=== Records for the task ===

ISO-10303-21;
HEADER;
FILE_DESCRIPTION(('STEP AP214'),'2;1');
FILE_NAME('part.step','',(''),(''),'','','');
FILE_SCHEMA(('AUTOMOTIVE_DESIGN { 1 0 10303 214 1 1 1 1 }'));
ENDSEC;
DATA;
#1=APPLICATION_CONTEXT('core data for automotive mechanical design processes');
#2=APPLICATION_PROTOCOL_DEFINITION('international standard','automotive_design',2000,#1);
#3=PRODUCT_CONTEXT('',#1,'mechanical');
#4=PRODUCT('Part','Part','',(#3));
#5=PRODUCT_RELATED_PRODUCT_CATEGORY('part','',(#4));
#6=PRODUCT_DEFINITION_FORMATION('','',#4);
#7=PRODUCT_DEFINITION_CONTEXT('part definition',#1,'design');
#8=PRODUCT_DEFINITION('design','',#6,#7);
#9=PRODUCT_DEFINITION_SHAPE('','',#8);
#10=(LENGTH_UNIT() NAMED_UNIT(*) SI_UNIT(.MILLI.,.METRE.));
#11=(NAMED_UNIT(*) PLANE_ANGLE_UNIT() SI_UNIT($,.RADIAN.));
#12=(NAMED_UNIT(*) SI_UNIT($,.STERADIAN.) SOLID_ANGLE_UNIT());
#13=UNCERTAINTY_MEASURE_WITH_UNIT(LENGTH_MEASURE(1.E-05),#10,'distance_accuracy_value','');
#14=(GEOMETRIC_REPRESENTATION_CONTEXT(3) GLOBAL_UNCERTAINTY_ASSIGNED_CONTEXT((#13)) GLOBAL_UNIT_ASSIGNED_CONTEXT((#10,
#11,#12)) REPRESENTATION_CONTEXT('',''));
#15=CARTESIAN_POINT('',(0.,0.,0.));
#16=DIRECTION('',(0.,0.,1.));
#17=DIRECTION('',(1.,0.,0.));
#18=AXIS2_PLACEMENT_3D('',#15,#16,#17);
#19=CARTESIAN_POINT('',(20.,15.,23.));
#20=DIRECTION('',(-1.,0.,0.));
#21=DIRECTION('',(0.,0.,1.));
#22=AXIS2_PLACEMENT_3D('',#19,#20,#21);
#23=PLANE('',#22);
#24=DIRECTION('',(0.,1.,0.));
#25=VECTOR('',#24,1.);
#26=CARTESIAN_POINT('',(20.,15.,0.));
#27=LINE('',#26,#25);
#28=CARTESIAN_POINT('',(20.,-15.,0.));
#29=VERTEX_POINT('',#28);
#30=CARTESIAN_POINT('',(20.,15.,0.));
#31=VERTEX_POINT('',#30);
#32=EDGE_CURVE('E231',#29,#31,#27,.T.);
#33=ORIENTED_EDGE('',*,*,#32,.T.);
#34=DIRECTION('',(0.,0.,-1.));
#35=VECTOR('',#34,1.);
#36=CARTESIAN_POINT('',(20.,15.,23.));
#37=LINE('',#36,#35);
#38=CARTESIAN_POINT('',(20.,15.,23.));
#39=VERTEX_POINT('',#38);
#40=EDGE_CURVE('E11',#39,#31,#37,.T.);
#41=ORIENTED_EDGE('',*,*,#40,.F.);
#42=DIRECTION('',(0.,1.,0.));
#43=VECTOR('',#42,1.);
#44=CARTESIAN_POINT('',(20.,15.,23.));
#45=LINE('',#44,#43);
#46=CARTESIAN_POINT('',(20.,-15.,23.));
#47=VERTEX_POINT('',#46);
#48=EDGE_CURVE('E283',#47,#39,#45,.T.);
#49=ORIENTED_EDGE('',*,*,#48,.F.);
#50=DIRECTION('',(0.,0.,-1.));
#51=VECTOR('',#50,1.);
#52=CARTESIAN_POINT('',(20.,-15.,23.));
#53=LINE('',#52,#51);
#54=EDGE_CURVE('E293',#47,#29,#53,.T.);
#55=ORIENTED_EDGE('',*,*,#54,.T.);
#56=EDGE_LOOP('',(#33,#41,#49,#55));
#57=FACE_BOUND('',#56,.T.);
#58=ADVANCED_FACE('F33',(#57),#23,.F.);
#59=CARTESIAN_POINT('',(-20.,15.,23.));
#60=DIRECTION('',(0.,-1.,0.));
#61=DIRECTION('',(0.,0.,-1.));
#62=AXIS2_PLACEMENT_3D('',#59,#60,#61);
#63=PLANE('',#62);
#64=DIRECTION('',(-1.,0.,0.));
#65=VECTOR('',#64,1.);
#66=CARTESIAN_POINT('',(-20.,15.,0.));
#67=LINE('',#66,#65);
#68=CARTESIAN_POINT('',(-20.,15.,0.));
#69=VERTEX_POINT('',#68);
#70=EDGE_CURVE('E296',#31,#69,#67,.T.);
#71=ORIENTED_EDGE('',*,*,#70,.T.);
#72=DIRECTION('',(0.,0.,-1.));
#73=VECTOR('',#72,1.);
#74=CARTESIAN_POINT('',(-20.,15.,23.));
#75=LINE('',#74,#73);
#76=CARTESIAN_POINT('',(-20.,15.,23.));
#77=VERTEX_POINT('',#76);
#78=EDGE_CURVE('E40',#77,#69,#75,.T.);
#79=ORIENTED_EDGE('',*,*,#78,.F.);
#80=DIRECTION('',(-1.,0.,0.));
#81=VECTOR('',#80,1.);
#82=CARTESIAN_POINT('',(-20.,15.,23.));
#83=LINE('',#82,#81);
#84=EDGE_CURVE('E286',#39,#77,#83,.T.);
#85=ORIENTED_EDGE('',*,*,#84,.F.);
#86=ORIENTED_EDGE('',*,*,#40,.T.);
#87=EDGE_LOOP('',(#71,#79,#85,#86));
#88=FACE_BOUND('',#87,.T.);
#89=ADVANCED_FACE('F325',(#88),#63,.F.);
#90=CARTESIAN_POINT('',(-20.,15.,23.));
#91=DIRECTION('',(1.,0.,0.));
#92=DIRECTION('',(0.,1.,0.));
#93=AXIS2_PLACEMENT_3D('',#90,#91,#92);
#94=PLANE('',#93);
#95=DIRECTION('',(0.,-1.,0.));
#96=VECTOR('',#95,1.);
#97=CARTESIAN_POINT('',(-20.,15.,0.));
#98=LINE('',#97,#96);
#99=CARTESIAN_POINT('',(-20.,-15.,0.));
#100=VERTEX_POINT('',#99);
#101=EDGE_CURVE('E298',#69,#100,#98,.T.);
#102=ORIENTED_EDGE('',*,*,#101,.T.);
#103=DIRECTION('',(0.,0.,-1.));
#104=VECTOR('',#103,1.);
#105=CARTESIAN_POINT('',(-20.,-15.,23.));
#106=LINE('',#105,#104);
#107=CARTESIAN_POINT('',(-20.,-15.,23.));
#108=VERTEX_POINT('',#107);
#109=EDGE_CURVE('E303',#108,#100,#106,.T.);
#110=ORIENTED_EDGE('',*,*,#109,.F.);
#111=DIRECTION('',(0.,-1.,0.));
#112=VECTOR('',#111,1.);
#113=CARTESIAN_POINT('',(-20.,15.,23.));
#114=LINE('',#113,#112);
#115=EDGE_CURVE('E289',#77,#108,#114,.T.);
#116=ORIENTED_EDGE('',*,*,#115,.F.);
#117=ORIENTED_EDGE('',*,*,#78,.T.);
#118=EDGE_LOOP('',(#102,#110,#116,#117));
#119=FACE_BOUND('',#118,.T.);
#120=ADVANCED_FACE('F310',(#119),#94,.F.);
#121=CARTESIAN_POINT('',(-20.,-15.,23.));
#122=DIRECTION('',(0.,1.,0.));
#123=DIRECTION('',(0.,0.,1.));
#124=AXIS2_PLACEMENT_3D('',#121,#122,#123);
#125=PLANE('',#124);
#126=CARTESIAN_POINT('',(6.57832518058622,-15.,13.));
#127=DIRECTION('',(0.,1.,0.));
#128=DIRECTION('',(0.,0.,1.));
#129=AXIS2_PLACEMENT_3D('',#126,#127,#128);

===

*What to do*:
Your task is to transcribe, with no changes, only the lines of the listing above that lie between the line holding "#53=LINE('',#52,#51);" and the line holding "#75=LINE('',#74,#73);", inclusive.

*Solution for this exercise*:
#53=LINE('',#52,#51);
#54=EDGE_CURVE('E293',#47,#29,#53,.T.);
#55=ORIENTED_EDGE('',*,*,#54,.T.);
#56=EDGE_LOOP('',(#33,#41,#49,#55));
#57=FACE_BOUND('',#56,.T.);
#58=ADVANCED_FACE('F33',(#57),#23,.F.);
#59=CARTESIAN_POINT('',(-20.,15.,23.));
#60=DIRECTION('',(0.,-1.,0.));
#61=DIRECTION('',(0.,0.,-1.));
#62=AXIS2_PLACEMENT_3D('',#59,#60,#61);
#63=PLANE('',#62);
#64=DIRECTION('',(-1.,0.,0.));
#65=VECTOR('',#64,1.);
#66=CARTESIAN_POINT('',(-20.,15.,0.));
#67=LINE('',#66,#65);
#68=CARTESIAN_POINT('',(-20.,15.,0.));
#69=VERTEX_POINT('',#68);
#70=EDGE_CURVE('E296',#31,#69,#67,.T.);
#71=ORIENTED_EDGE('',*,*,#70,.T.);
#72=DIRECTION('',(0.,0.,-1.));
#73=VECTOR('',#72,1.);
#74=CARTESIAN_POINT('',(-20.,15.,23.));
#75=LINE('',#74,#73);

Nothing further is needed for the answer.